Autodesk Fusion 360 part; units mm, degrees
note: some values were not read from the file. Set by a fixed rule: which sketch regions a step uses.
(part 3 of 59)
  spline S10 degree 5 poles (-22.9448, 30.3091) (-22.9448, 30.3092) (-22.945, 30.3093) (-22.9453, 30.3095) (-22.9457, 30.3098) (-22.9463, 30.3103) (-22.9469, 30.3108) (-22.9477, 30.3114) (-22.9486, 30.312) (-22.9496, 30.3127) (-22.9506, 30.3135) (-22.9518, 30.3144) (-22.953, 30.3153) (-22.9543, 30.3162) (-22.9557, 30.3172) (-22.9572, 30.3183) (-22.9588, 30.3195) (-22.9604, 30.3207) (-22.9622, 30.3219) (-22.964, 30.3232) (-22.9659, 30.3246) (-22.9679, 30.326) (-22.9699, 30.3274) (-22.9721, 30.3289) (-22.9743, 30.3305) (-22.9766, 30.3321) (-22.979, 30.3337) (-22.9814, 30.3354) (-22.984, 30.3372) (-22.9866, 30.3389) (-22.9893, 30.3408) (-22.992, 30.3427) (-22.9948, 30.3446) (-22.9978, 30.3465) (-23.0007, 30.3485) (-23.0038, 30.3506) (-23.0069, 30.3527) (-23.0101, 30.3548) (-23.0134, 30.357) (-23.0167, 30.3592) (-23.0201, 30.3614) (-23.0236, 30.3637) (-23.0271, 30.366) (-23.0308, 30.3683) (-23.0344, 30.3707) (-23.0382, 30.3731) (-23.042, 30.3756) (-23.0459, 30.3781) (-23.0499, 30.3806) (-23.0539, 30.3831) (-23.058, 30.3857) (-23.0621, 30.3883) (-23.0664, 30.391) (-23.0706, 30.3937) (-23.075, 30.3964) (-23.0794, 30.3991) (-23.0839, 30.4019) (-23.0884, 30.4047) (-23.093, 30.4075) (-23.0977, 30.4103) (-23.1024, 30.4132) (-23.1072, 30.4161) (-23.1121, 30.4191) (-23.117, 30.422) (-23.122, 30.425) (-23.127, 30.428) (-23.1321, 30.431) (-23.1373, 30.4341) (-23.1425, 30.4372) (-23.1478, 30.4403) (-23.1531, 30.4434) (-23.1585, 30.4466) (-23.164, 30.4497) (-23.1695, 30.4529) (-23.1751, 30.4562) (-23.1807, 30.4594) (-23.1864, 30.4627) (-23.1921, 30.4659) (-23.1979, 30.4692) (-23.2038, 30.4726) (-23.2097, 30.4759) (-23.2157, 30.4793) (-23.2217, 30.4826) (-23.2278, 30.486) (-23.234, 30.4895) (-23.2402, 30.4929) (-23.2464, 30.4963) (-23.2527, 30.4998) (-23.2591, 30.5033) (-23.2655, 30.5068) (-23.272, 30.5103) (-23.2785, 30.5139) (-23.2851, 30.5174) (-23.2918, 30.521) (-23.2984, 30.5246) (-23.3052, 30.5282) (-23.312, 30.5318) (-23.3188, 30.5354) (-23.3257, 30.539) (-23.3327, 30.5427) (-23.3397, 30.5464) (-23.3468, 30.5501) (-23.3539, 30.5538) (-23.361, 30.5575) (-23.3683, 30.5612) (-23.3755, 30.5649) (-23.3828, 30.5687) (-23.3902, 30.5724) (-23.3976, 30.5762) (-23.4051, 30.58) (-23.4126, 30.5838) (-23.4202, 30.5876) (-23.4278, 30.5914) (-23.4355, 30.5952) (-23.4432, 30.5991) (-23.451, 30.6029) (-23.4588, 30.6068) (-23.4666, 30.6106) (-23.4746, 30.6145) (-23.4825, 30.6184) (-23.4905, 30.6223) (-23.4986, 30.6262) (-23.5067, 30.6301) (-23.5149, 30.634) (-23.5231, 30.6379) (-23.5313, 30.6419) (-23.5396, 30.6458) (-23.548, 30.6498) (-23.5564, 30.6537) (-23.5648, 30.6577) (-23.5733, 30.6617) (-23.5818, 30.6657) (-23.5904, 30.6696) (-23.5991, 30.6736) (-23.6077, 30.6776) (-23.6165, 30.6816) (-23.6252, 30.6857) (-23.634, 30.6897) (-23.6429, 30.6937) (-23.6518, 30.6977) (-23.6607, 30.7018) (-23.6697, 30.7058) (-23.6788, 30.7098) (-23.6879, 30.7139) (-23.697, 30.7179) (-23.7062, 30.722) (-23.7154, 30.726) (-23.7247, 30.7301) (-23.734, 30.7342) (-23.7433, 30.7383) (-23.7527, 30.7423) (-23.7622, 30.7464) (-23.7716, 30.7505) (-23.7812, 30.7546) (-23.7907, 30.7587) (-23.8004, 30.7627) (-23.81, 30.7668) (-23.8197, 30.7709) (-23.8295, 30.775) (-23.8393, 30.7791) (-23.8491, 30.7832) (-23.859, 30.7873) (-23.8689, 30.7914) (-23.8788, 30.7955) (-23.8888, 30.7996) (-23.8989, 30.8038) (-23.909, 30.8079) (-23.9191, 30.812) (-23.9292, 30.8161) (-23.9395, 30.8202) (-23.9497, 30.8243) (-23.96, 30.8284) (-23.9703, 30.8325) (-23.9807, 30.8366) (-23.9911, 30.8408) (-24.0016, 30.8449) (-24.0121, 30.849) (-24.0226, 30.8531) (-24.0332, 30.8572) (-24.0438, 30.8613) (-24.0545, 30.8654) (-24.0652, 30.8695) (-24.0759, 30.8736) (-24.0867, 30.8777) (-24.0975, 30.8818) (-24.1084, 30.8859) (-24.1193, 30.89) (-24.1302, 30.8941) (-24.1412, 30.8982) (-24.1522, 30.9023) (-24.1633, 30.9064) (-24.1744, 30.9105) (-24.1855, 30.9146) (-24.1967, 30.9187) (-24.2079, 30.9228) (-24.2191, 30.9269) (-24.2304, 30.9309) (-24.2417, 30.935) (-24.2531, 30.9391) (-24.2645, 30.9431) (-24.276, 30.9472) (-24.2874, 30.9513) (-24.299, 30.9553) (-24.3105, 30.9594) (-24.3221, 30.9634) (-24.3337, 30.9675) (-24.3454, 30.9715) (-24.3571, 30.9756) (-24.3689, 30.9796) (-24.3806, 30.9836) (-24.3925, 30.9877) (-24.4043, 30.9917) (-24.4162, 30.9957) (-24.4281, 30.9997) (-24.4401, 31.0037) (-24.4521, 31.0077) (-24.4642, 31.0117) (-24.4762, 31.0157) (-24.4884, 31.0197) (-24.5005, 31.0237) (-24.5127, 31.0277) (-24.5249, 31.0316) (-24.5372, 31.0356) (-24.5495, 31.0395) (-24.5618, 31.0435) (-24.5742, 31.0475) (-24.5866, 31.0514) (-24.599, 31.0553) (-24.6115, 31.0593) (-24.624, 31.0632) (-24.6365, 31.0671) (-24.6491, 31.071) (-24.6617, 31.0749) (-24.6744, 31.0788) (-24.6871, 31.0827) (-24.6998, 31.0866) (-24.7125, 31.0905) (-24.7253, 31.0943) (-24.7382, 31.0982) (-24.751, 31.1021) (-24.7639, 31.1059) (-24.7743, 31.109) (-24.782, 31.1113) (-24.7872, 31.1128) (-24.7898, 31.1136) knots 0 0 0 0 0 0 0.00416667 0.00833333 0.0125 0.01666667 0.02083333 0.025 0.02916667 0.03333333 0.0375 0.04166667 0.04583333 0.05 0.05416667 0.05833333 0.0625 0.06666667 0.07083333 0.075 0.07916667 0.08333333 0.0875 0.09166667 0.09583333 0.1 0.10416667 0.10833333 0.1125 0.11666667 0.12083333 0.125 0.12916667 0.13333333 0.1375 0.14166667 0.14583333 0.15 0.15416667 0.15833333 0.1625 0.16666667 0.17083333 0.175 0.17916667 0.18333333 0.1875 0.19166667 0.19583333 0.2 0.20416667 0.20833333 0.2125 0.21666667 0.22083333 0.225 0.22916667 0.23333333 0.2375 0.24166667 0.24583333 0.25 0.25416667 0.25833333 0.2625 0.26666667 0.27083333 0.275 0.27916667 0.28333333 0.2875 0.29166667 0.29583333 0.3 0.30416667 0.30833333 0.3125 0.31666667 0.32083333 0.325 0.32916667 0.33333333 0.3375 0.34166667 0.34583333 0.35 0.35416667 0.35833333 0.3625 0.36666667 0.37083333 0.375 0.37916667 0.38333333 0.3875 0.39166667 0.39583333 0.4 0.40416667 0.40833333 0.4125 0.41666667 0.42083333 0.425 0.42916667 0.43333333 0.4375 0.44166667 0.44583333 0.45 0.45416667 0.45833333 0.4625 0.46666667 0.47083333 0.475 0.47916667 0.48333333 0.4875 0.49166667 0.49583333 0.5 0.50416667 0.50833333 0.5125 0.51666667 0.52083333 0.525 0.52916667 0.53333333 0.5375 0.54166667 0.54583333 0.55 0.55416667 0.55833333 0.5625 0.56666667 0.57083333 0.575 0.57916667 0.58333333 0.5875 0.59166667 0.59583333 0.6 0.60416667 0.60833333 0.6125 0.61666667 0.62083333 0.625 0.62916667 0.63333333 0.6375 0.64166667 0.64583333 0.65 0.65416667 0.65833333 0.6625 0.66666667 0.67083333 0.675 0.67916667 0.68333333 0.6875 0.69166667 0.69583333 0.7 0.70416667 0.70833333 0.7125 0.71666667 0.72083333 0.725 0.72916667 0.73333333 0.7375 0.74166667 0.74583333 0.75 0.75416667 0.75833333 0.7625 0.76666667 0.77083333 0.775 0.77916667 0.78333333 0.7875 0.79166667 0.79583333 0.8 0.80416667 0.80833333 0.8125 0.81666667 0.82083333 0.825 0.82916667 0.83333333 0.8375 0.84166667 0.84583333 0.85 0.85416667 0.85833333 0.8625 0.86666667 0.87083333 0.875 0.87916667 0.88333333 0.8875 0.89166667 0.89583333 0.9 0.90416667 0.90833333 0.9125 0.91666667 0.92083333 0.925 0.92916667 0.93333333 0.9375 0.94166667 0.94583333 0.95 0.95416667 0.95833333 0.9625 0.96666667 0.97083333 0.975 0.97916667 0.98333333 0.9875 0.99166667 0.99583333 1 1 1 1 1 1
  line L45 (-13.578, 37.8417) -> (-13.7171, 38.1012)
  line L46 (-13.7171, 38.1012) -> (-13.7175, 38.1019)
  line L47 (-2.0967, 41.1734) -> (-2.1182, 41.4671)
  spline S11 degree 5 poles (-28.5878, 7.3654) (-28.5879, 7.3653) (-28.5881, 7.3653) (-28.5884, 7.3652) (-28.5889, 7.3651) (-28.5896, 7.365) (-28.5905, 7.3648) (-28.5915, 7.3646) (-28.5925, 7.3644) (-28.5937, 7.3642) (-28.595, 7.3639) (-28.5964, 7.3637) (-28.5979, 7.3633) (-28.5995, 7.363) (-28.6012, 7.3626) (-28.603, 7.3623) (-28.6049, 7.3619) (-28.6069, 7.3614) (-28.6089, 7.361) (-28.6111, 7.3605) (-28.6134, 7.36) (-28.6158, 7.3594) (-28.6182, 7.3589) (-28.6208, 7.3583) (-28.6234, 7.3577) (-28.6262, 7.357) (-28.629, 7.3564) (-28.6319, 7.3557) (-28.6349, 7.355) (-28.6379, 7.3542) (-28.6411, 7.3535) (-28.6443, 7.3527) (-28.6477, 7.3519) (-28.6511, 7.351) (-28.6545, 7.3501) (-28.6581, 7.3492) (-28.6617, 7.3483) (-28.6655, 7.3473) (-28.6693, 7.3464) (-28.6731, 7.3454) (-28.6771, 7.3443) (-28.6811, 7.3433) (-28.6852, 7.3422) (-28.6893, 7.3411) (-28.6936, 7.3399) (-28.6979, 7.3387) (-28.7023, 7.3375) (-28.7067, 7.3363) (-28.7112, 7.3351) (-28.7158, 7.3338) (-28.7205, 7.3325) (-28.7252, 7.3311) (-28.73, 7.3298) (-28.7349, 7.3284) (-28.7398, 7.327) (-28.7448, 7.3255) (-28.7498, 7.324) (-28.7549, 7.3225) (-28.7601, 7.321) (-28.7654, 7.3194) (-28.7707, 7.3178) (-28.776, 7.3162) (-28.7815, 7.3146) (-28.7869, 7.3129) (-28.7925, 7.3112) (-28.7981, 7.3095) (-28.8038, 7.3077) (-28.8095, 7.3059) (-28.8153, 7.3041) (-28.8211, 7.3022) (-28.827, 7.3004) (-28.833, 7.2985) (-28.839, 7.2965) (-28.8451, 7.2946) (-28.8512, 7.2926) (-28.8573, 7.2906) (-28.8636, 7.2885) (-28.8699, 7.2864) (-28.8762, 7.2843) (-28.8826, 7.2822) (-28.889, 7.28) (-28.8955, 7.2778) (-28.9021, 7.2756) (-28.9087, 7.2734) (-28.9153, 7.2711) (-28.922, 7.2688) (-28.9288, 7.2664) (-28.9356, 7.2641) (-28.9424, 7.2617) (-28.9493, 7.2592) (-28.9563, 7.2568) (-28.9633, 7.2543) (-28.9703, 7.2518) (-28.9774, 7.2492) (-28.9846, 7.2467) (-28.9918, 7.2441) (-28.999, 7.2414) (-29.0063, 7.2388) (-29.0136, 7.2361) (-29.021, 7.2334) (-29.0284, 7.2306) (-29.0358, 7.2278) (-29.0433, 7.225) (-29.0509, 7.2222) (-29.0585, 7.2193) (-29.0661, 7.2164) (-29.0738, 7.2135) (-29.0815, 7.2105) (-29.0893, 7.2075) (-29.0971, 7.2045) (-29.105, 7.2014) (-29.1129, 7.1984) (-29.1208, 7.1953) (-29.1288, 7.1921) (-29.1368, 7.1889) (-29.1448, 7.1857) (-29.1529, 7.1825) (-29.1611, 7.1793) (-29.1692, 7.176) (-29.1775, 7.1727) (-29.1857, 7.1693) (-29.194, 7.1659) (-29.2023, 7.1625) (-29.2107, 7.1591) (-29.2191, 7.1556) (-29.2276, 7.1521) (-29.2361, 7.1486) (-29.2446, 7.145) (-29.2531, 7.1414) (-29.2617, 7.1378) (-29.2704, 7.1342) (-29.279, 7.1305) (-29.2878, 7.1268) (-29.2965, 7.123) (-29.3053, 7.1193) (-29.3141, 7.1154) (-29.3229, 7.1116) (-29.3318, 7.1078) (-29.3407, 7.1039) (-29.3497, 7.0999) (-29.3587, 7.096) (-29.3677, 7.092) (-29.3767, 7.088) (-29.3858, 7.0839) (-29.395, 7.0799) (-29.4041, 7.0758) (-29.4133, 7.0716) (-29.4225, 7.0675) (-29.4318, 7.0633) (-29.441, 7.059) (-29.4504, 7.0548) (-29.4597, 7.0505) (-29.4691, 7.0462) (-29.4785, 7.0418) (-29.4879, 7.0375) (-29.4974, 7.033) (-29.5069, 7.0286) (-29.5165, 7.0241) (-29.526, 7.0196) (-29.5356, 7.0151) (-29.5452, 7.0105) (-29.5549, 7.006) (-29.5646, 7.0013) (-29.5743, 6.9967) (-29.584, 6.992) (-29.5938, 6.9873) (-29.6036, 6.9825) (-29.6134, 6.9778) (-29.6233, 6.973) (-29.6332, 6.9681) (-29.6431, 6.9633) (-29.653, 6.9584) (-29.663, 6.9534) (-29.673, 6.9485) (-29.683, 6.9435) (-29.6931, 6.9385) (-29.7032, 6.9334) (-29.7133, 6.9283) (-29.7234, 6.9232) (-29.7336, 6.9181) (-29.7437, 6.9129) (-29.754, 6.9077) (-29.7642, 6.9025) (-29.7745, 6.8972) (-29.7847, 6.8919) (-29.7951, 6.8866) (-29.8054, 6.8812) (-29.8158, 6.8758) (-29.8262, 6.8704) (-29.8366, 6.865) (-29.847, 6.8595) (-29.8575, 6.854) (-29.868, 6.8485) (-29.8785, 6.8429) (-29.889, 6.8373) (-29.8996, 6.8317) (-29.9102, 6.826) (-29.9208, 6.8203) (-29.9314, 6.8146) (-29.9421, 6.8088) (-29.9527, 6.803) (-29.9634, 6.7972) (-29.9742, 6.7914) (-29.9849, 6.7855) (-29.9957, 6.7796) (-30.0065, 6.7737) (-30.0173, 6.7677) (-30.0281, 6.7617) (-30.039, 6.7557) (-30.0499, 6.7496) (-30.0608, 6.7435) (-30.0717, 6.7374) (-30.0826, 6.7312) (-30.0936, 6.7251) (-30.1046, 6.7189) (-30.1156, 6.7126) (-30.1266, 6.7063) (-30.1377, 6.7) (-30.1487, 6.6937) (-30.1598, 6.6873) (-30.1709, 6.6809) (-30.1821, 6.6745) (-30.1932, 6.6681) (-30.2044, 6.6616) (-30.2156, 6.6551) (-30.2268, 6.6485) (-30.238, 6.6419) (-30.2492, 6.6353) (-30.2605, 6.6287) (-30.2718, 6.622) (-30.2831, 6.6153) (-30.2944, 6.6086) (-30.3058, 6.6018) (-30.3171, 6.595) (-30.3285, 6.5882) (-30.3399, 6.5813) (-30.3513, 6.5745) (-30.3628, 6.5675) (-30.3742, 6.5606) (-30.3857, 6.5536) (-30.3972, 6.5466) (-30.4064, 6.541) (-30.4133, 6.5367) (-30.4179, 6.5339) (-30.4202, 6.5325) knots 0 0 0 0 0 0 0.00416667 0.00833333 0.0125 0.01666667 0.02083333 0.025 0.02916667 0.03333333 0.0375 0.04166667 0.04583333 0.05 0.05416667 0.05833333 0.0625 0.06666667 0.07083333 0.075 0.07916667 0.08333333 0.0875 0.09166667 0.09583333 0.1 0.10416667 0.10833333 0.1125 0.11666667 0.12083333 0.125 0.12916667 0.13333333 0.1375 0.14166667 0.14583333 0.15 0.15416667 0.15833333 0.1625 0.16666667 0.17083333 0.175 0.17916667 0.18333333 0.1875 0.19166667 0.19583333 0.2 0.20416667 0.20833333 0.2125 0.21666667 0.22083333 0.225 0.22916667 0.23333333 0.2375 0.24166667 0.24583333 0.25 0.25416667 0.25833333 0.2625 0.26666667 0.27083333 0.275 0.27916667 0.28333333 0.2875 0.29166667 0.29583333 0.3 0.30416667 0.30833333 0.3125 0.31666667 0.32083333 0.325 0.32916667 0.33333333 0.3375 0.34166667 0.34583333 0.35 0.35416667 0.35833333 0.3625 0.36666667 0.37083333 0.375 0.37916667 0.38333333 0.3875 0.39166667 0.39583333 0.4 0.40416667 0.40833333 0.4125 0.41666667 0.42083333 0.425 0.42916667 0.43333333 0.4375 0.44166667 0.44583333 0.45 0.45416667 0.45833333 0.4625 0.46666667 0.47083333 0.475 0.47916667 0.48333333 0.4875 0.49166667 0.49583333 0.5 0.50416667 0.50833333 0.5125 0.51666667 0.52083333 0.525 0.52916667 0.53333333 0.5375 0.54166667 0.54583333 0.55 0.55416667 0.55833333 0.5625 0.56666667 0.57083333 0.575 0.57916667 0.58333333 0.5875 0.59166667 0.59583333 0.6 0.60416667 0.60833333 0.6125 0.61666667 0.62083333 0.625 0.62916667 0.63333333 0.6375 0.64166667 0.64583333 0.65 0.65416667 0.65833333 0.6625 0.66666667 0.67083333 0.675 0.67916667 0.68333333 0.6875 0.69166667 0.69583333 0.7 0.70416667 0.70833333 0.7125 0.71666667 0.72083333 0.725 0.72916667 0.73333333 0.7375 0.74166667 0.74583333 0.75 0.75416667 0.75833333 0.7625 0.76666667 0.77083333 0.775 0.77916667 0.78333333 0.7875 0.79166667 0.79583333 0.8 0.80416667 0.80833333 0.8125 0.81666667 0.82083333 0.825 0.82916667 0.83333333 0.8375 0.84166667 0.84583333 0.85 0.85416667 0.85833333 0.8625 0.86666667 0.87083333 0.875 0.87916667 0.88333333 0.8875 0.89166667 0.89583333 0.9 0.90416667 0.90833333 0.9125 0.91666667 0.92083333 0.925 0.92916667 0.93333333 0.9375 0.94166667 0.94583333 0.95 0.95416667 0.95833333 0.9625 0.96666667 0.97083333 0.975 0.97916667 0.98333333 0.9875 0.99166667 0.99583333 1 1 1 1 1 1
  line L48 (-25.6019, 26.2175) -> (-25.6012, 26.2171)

************

All that is wanted is the stretch of lines above from the one containing "line L45 (-13.578, 37.8417)" through the one containing "line L47 (-2.0967, 41.1734)", duplicated exactly.

  line L45 (-13.578, 37.8417) -> (-13.7171, 38.1012)
  line L46 (-13.7171, 38.1012) -> (-13.7175, 38.1019)
  line L47 (-2.0967, 41.1734) -> (-2.1182, 41.4671)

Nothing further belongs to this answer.